**TASK DIRECTIONS:** Reprint all records below exactly. No images.

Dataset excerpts

▬▬▬▬▬▬

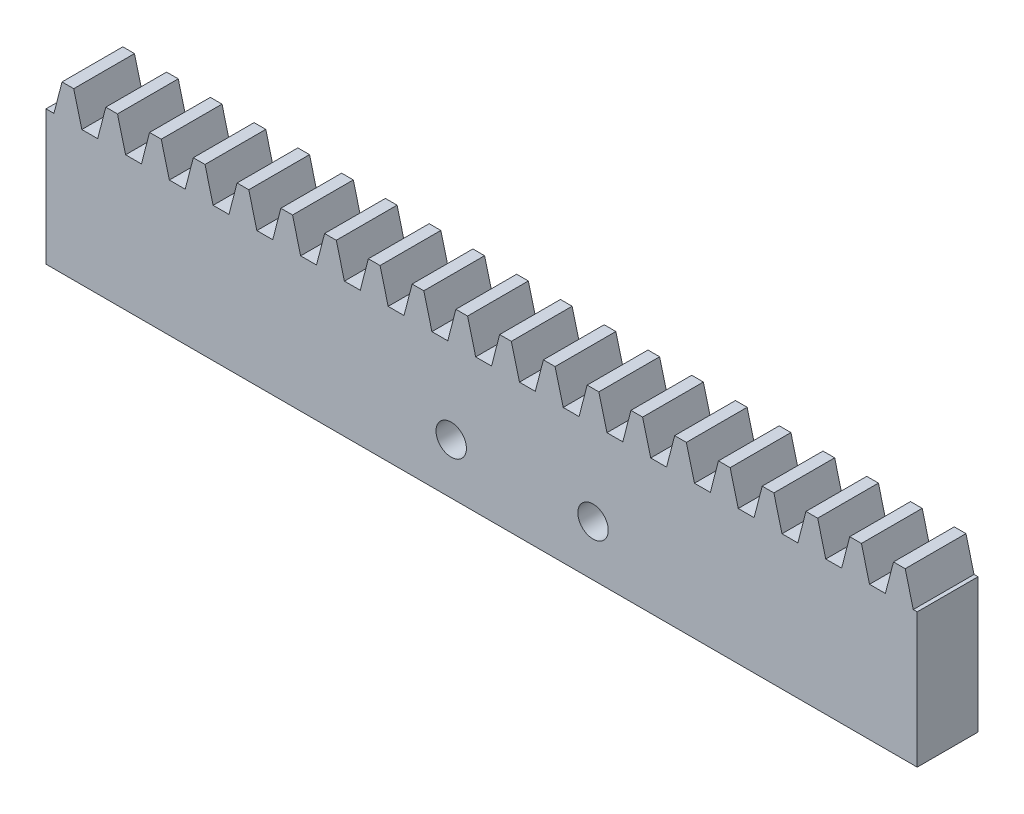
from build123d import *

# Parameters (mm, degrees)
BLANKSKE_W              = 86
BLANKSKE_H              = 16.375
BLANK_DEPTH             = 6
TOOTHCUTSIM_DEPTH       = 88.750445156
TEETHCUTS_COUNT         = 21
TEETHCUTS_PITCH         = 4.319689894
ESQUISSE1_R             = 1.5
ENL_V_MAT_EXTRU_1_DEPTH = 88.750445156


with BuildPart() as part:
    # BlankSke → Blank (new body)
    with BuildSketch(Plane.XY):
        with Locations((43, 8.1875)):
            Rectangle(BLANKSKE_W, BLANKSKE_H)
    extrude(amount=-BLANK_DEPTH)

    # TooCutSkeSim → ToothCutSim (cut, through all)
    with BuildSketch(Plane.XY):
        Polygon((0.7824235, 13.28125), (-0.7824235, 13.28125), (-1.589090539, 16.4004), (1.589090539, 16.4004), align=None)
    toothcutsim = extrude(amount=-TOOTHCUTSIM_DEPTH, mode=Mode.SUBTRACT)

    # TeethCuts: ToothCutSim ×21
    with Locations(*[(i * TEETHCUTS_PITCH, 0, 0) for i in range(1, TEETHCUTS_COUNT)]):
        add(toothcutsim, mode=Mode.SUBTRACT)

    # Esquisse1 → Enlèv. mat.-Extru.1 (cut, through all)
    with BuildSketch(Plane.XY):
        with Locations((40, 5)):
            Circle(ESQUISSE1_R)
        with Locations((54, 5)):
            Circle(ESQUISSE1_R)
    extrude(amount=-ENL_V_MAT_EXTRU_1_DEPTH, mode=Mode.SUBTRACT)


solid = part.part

▬▬▬▬▬▬

**RESPONSE FOR THIS EXERCISE:**
from build123d import *

# Parameters (mm, degrees)
BLANKSKE_W              = 86
BLANKSKE_H              = 16.375
BLANK_DEPTH             = 6
TOOTHCUTSIM_DEPTH       = 88.750445156
TEETHCUTS_COUNT         = 21
TEETHCUTS_PITCH         = 4.319689894
ESQUISSE1_R             = 1.5
ENL_V_MAT_EXTRU_1_DEPTH = 88.750445156


with BuildPart() as part:
    # BlankSke → Blank (new body)
    with BuildSketch(Plane.XY):
        with Locations((43, 8.1875)):
            Rectangle(BLANKSKE_W, BLANKSKE_H)
    extrude(amount=-BLANK_DEPTH)

    # TooCutSkeSim → ToothCutSim (cut, through all)
    with BuildSketch(Plane.XY):
        Polygon((0.7824235, 13.28125), (-0.7824235, 13.28125), (-1.589090539, 16.4004), (1.589090539, 16.4004), align=None)
    toothcutsim = extrude(amount=-TOOTHCUTSIM_DEPTH, mode=Mode.SUBTRACT)

    # TeethCuts: ToothCutSim ×21
    with Locations(*[(i * TEETHCUTS_PITCH, 0, 0) for i in range(1, TEETHCUTS_COUNT)]):
        add(toothcutsim, mode=Mode.SUBTRACT)

    # Esquisse1 → Enlèv. mat.-Extru.1 (cut, through all)
    with BuildSketch(Plane.XY):
        with Locations((40, 5)):
            Circle(ESQUISSE1_R)
        with Locations((54, 5)):
            Circle(ESQUISSE1_R)
    extrude(amount=-ENL_V_MAT_EXTRU_1_DEPTH, mode=Mode.SUBTRACT)


solid = part.part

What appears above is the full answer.